Delphine is the first novel by Germaine de Staël, published in 1802. The book is written in epistolary form (as a series of letters) and examines the limits of women's freedom in an aristocratic society. Although de Staël denied political intent, the book was controversial enough for Napoleon to exile the author.

In this tragic novel, influenced by Johann Wolfgang von Goethe's The Sorrows of Young Werther and Jean-Jacques Rousseau's Julie, or the New Heloise, she reflects on the discussions on divorce in the National Assembly before the Concordat of 1801, when the laws were changed; the consequences after the Battle of Verdun (1792) leading to arrests and the September Massacres, the fate of the émigrés. The main characters have traits of Benjamin Constant and Talleyrand, and the liberalist view of the Italian politician Melzi d'Eril.

== Creation ==
In a literary and political essay called De la littérature dans ses rapports avec les institutions sociales published in 1800, Germaine de Staël wrote about the history of literature and its links with political contexts, and also advocated the ideas of the Age of Enlightenment, which did not please Napoleon. The emperor of the French was also afraid of de Staël's political relations, and suspected her to be an opponent. Delphines publication in 1802 made things even worse: de Staël was exiled from Paris, and forbidden to get closer than 40 lieues from the city.
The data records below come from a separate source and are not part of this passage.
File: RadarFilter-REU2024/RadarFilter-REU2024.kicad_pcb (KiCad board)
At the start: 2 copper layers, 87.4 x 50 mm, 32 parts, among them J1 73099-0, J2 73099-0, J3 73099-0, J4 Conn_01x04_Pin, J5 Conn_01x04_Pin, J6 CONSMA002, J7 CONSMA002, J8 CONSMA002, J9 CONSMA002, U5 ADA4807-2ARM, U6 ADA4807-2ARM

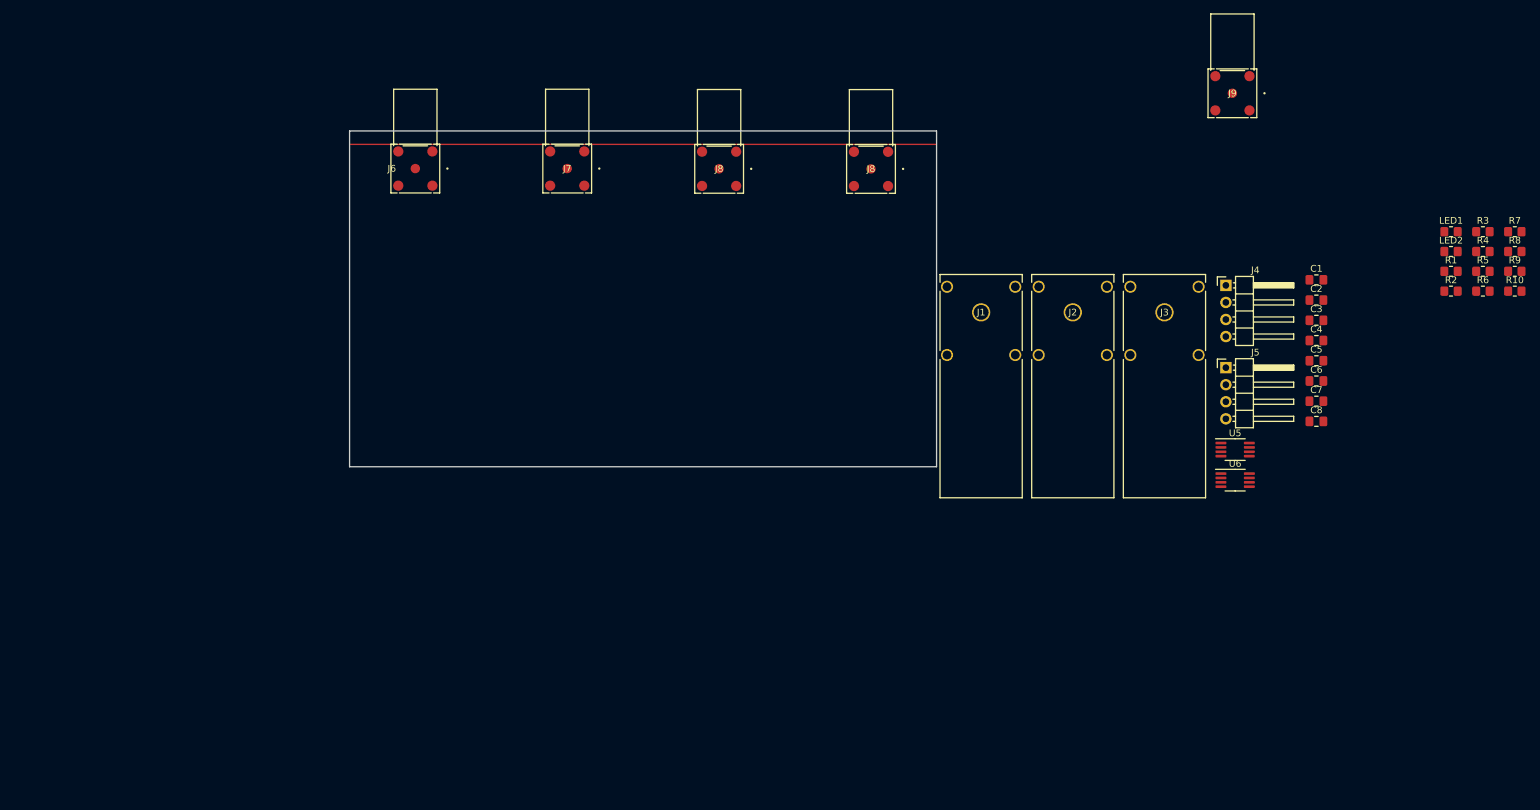
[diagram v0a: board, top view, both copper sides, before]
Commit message: changed sma connector footprint, added ground pour to pcb layout
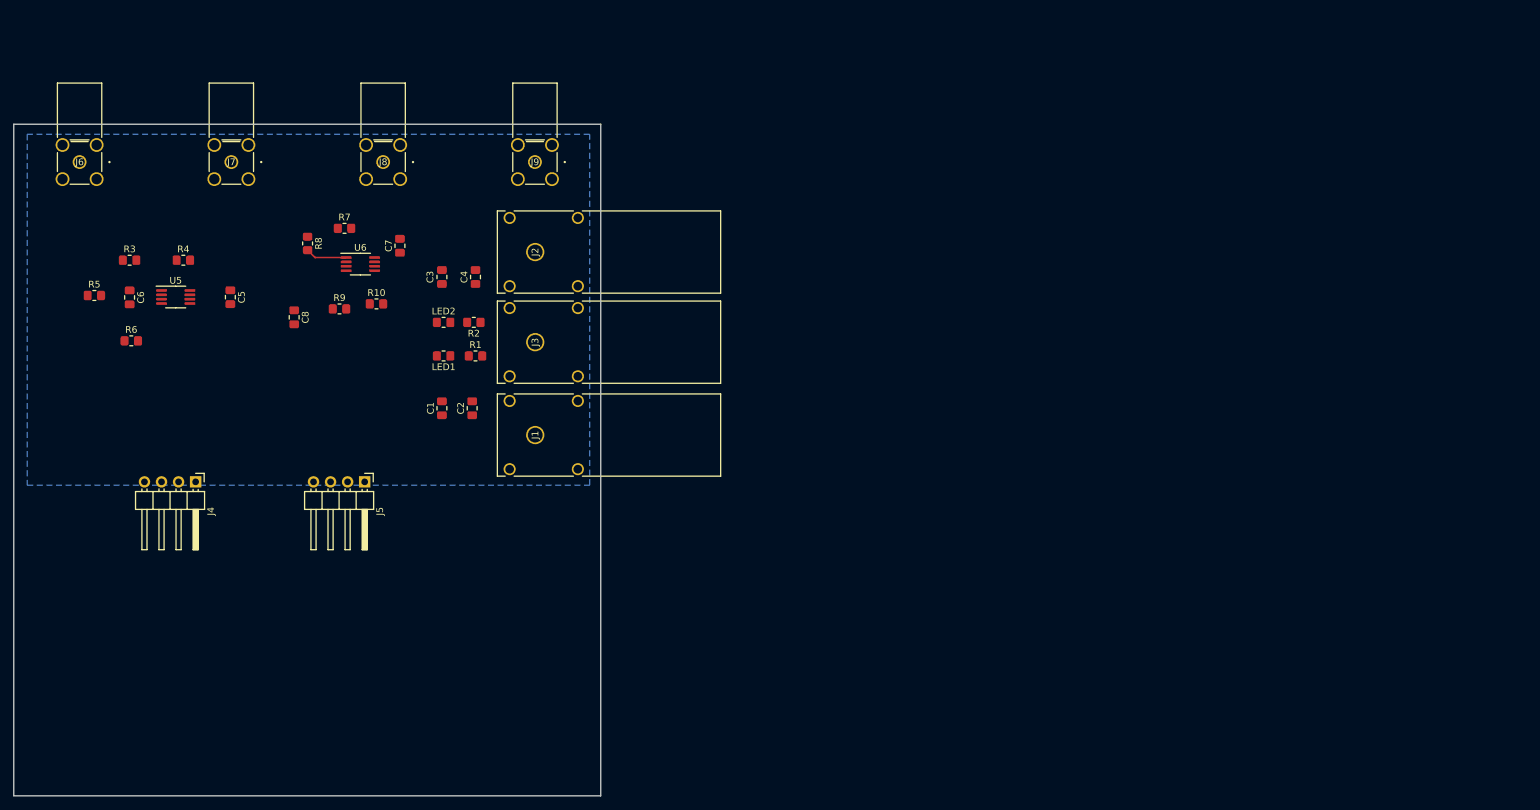
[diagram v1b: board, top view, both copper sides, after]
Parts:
- removed the J8 at (155.0, 56.6)
- removed the J8 at (177.6, 56.6)
- added J8: CONSMA002, 0731000115:COAX4GND_731000115_MOL, F.Cu at (105.0, 55.6)
- J6, J7, J9: footprint CONSMA002:COAX4_CONSMA002_TEC -> 0731000115:COAX4GND_731000115_MOL
- moved R5 206.8 mm to (62.0, 75.5)
- moved R3 201.5 mm to (67.2, 70.2)
- moved R6 201.4 mm to (67.5, 82.2)
- moved R4 193.5 mm to (75.2, 70.2)
- moved R8 179.8 mm to (93.8, 67.8), turned to -90 degrees
- moved C6 177.1 mm to (67.2, 75.8), turned to -90 degrees
- moved R9 175.1 mm to (98.5, 77.5)
- moved R7 174.3 mm to (99.2, 65.5)
- moved R10 169.5 mm to (104.0, 76.8)
- moved C5 162.0 mm to (82.2, 75.8), turned to -90 degrees
- moved U5 159.4 mm to (74.1, 75.7)
- moved J4 156.2 mm to (77.1, 103.2), turned to -90 degrees
- moved C8 153.0 mm to (91.8, 78.8), turned to -90 degrees
- moved LED1 151.1 mm to (114.0, 84.5), turned to 180 degrees
- moved LED2 150.4 mm to (114.0, 79.5)
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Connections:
- net BNC1I renamed SMA1I
- net BNC1Q renamed SMA1Q
- net BNC2I renamed SMA2I
- net BNC2Q renamed SMA2Q
- J1 pad 2: (no net) -> GND
- J1 pad 3: (no net) -> GND
- J1 pad 4: (no net) -> GND
- J1 pad 5: (no net) -> GND
- J2 pad 2: (no net) -> GND
- J2 pad 3: (no net) -> GND
- J2 pad 4: (no net) -> GND
- J2 pad 5: (no net) -> GND
- J3 pad 2: (no net) -> GND
- J3 pad 3: (no net) -> GND
- J3 pad 4: (no net) -> GND
- J3 pad 5: (no net) -> GND
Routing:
- net SMA2I: track 0.00 -> 6.21 mm
- added copper zone on B.Cu, net GND
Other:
- board size 87.4 x 50 mm -> 87.4 x 100 mm

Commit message: pcb layout iteration complete
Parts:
- moved R7 21.7 mm to (84.3, 81.2), turned to 90 degrees
- moved R4 17.5 mm to (57.8, 71.2), turned to 90 degrees
- moved R5 16.8 mm to (77.8, 81.2), turned to 90 degrees
- moved C5 15.4 mm to (67.5, 71.2), turned to 90 degrees
- moved R6 15.1 mm to (77.8, 71.2), turned to 90 degrees
- moved R3 14.5 mm to (57.8, 81.2), turned to 90 degrees
- moved C7 13.2 mm to (94.7, 71.2)
- moved R8 10.1 mm to (84.3, 71.2), turned to 90 degrees
- moved U6 9.12 mm to (94.3, 76.2)
- moved C2 8.13 mm to (116.8, 100.3)
- moved C3 7.24 mm to (116.8, 66.2)
- moved R9 6.88 mm to (104.3, 81.2), turned to 90 degrees
- moved U5 6.36 mm to (67.8, 76.2)
- moved R10 5.52 mm to (104.3, 71.2), turned to 90 degrees
- moved J4 5.51 mm to (71.6, 103.2)
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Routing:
- net /V+: track 0.00 -> 208.8 mm, vias 0 -> 4
- net /V-: track 0.00 -> 143.2 mm, vias 0 -> 2
- net GND: track 0.00 -> 43.0 mm, vias 0 -> 11
- net SMA2Q: track 0.00 -> 39.2 mm
- net SMA2I: track 6.21 -> 40.7 mm
- net 2I: track 0.00 -> 30.0 mm
- net 1I: track 0.00 -> 29.2 mm
- net 1Q: track 0.00 -> 29.1 mm
- net 2Q: track 0.00 -> 29.0 mm
- net SMA1I: track 0.00 -> 26.5 mm
- net SMA1Q: track 0.00 -> 25.8 mm
- net Net-(U6B--): track 0.00 -> 16.5 mm
- net Net-(U5A--): track 0.00 -> 16.4 mm
- net Net-(U5B--): track 0.00 -> 16.3 mm
- net Net-(U6A--): track 0.00 -> 16.3 mm
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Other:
- board size 87.4 x 100 mm -> 87.4 x 57 mm

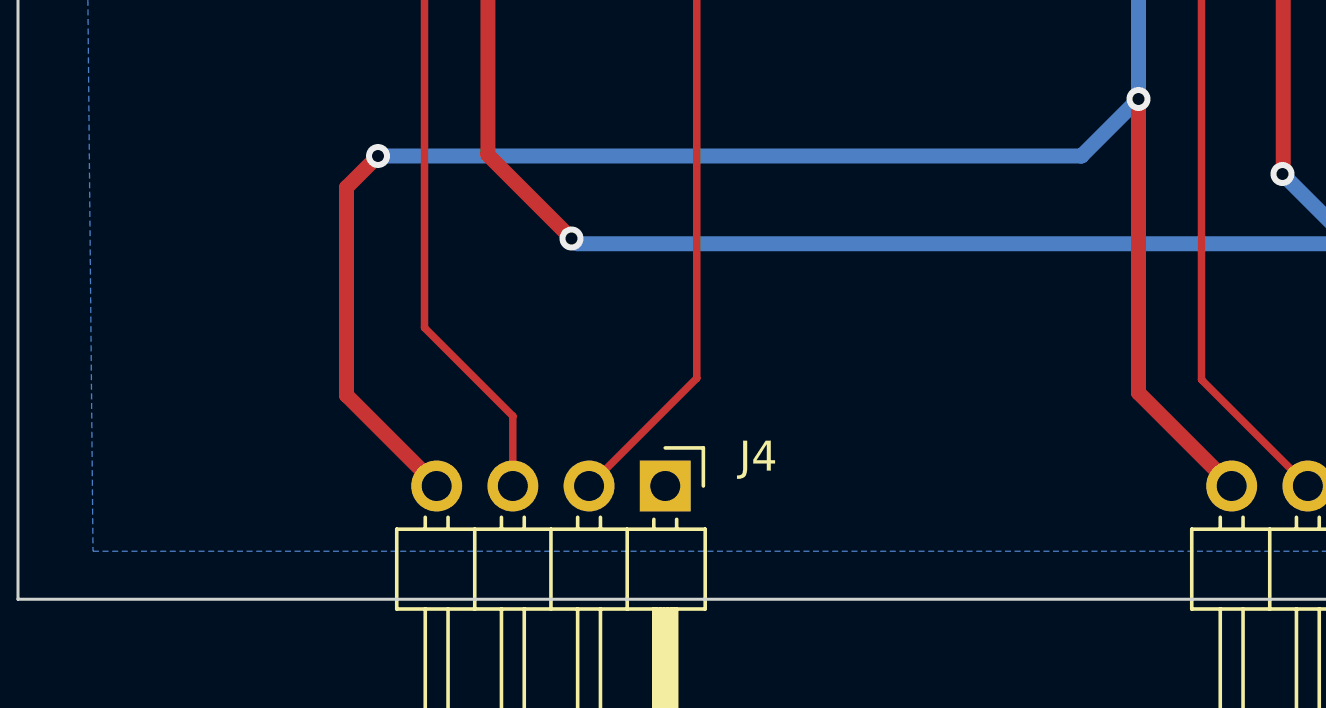
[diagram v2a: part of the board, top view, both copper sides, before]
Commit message: added bypass capacitors for KLC5 radar header pins
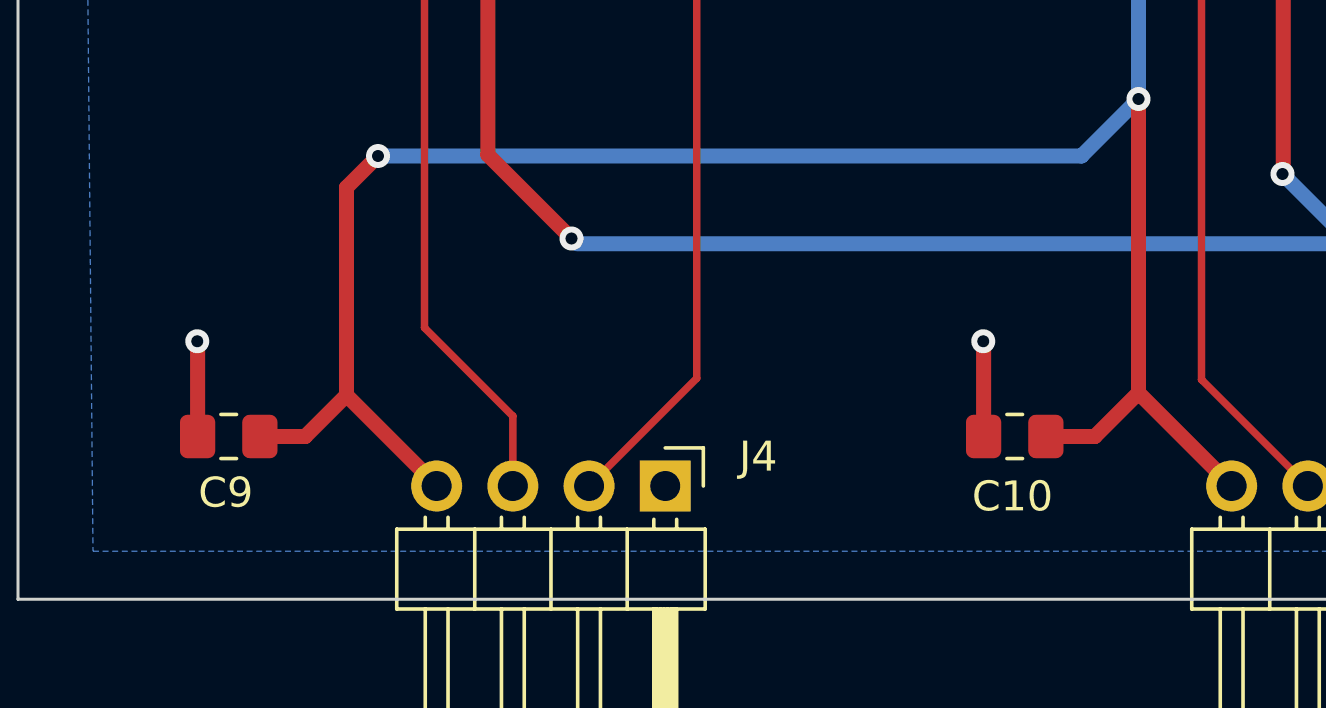
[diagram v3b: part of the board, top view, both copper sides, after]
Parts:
- added C10: 0.1uF, Capacitor_SMD:C_0805_2012Metric_Pad1.18x1.45mm_HandSolder, F.Cu at (83.2, 101.6)
- added C9: 0.1uF, Capacitor_SMD:C_0805_2012Metric_Pad1.18x1.45mm_HandSolder, F.Cu at (57.0, 101.6)
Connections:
- J1 pad 2: GND -> (no net)
- J1 pad 3: GND -> (no net)
- J1 pad 4: GND -> (no net)
- J1 pad 5: GND -> (no net)
- J2 pad 2: GND -> (no net)
- J2 pad 3: GND -> (no net)
- J2 pad 4: GND -> (no net)
- J2 pad 5: GND -> (no net)
- J3 pad 2: GND -> (no net)
- J3 pad 3: GND -> (no net)
- J3 pad 4: GND -> (no net)
- J3 pad 5: GND -> (no net)
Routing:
- net /V+: track 208.8 -> 215.9 mm
- net GND: track 43.0 -> 49.3 mm, vias 11 -> 13

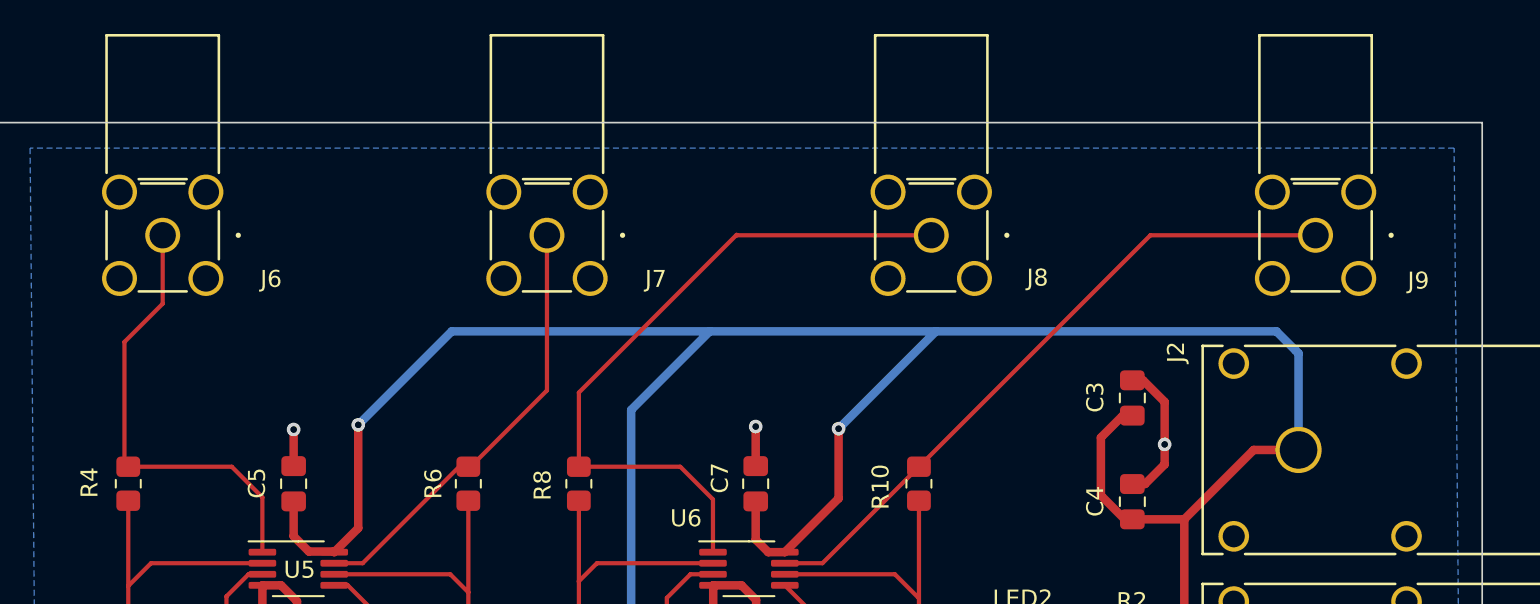
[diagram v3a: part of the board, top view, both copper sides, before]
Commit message: adjusted spacing of sma connectors and slight pcb trace modification
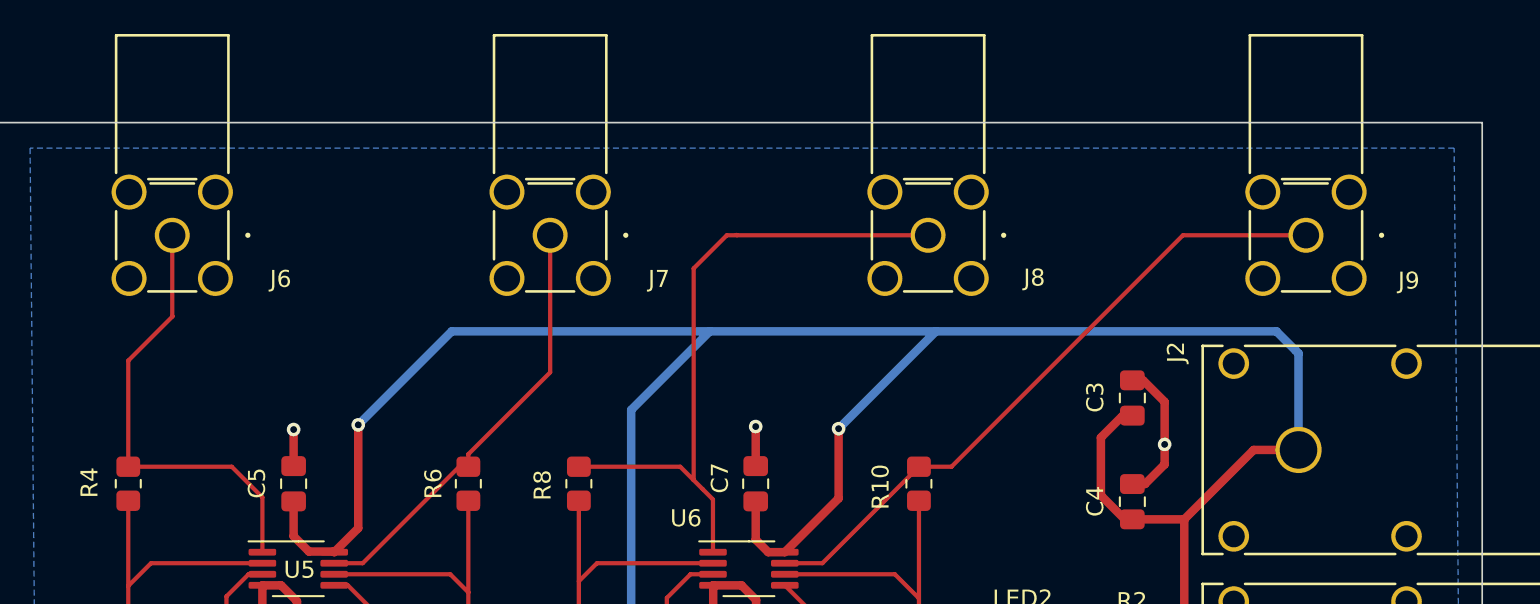
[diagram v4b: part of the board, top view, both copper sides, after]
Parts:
- moved J6 0.56 mm to (60.4, 56.6)
- moved J9 0.56 mm to (127.0, 56.6)
- moved J7 0.19 mm to (82.6, 56.6)
- moved J8 0.19 mm to (104.8, 56.6)
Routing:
- net SMA2I: track 40.7 -> 38.9 mm
- net SMA2Q: track 39.2 -> 38.6 mm

When publishing Delphine, she claimed she was not interested in politics any more. Yet, this novel dedicated to "the silent France" (la France silencieuse) explicitly talks about such political and sociological subjects such as women's status, Protestantism, political liberalism, and emigration.

== Summary ==
The story takes place in Paris between 1789 and 1792 during the French Revolution. Delphine d'Albémar, a young widow, arranges a wedding between one of her distant relatives, Matilde de Vernon, and Léonce de Mondoville. But she falls in love with Léonce, and as he is engaged with Matilde, their love is impossible. The story ends tragically with Delphine committing suicide.

== Main characters ==
- Delphine d'Albémar, the heroine, who gives her name to the novel. Formerly married to M. d'Albémar, she is now a widow; she is rich, generous and smart and wishes to make her friends happy. This is why she arranges the wedding of Matilde de Vernon and Léonce de Mondoville. She claims that the duty to do what is right is more important to her than the judgement of others on her doings, but when she falls in love with Léonce, she gets torn between the two, and ends up killing herself.
- Matilde de Vernon, a distant cousin and friend of Delphine. She is quite the opposite of Delphine, being discreet, bigot, but deeply in love with Léonce though she doesn't show it at first.
- Madame de Vernon, Matilde's mother, a pleasant-looking woman, but who is actually sly and acts for her own interest only. However, her character can be explained by her loveless marriage with M. de Vernon.